• _TASK GOAL_:
For the data below, the lines that hold "edges" should be counted; only the resulting number is expected.

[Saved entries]

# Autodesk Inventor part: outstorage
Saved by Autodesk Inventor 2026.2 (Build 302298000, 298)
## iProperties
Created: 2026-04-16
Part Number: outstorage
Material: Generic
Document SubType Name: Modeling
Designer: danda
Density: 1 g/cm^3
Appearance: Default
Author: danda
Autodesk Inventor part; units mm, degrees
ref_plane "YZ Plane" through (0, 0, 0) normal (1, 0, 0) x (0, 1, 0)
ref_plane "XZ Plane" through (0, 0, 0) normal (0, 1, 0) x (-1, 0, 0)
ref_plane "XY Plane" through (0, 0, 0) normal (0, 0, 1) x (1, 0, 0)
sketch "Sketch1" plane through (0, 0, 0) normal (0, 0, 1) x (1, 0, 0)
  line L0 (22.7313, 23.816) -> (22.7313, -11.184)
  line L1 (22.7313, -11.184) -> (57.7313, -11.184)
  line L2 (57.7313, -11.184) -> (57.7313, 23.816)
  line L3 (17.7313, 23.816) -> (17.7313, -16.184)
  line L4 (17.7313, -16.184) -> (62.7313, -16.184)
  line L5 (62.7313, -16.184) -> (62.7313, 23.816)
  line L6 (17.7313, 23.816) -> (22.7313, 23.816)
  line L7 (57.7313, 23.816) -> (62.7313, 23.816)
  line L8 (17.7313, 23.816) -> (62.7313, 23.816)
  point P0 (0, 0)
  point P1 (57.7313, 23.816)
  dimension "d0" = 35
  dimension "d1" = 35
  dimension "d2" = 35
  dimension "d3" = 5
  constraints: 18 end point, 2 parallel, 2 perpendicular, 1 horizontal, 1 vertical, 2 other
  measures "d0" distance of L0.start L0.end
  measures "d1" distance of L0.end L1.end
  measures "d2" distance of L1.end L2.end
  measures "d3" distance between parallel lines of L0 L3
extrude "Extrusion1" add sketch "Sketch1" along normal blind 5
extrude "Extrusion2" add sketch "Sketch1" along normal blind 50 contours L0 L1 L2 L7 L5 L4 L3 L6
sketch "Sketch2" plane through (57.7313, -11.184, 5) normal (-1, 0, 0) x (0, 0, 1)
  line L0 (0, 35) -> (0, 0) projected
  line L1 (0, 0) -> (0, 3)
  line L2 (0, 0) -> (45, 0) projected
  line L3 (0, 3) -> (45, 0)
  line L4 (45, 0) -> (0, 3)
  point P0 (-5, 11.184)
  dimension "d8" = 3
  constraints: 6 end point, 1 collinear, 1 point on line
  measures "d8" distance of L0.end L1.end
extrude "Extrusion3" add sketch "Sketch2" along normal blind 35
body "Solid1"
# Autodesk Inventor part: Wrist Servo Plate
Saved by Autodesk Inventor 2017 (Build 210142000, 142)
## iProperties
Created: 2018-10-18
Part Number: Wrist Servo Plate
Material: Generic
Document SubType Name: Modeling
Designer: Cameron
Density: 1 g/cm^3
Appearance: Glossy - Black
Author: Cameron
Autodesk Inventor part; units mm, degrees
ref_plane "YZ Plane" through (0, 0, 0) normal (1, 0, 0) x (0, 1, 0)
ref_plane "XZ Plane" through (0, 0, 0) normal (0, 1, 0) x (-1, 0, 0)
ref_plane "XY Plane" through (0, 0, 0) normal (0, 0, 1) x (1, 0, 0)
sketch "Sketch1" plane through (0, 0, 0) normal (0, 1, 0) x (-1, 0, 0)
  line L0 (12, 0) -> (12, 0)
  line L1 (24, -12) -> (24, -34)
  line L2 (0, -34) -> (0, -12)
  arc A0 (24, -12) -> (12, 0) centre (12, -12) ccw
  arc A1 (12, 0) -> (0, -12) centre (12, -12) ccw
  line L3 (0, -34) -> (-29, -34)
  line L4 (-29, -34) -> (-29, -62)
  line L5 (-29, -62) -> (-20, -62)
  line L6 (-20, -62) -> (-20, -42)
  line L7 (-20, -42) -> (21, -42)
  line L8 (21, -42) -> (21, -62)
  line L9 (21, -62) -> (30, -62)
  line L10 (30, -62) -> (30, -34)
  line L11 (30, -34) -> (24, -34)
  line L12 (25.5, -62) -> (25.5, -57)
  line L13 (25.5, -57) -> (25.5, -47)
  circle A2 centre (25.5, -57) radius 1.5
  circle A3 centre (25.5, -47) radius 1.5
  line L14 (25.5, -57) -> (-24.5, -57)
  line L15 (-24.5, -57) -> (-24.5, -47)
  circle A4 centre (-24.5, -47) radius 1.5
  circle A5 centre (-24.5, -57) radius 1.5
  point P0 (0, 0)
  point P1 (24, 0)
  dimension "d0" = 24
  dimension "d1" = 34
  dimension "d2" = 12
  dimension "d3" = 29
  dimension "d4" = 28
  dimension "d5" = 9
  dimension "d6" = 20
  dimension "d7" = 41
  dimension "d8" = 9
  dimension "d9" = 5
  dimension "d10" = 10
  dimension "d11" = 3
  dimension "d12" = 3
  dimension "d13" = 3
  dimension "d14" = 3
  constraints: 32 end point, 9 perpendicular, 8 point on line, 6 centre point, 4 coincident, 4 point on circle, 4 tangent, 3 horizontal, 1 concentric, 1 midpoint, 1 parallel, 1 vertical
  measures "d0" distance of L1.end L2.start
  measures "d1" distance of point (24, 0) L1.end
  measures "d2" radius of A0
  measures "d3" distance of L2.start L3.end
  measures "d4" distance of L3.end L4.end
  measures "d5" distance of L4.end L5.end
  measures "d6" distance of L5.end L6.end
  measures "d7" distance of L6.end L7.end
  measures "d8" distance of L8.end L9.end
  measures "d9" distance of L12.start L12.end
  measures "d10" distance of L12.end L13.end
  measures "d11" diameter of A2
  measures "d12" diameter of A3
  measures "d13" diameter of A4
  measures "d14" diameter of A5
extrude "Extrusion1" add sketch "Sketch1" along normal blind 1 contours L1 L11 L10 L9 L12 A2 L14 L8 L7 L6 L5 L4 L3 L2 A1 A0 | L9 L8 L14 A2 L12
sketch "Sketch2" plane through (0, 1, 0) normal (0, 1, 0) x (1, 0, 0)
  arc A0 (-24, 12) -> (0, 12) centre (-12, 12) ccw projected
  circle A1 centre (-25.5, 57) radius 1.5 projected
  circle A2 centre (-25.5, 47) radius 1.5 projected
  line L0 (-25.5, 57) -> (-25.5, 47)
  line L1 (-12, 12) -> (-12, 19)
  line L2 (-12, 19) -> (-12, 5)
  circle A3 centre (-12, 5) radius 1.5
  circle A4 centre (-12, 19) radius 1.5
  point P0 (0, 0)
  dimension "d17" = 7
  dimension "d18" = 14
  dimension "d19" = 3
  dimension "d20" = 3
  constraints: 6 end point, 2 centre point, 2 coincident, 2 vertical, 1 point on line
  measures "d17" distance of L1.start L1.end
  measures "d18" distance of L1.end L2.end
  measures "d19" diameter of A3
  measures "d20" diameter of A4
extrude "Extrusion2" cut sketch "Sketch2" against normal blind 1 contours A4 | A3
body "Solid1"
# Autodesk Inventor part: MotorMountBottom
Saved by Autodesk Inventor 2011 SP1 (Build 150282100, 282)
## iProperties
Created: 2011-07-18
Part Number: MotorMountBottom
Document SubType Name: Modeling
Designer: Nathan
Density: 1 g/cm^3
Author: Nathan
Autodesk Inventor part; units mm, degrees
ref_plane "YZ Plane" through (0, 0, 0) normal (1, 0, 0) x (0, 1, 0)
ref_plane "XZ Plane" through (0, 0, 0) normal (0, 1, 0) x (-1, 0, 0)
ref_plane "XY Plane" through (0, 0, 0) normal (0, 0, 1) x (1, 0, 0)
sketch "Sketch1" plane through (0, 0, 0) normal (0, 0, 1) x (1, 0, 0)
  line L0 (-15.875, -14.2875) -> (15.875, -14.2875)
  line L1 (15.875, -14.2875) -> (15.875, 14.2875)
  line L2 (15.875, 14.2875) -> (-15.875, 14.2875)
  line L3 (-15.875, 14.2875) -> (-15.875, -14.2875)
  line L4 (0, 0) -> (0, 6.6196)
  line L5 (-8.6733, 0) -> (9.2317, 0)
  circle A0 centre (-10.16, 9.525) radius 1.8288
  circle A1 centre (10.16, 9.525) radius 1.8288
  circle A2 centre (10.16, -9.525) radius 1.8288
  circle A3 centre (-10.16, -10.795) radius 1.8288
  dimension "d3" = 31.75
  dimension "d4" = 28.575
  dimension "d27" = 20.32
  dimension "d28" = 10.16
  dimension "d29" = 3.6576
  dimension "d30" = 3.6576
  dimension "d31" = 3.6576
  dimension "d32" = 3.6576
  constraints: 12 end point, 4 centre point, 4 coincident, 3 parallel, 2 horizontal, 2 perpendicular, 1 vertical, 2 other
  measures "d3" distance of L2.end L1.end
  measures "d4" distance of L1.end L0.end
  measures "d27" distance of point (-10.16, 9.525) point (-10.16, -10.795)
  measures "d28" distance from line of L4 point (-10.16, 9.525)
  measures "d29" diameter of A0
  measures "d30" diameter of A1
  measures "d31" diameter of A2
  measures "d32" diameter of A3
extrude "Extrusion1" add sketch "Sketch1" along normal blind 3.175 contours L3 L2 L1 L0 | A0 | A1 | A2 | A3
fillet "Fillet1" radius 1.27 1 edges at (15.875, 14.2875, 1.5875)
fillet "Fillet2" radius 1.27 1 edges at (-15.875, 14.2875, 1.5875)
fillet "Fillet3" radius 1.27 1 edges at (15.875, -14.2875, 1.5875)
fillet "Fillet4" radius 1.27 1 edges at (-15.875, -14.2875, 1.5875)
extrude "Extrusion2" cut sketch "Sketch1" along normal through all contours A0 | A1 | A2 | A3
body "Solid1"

• _SOLUTION TO THIS TASK_:
4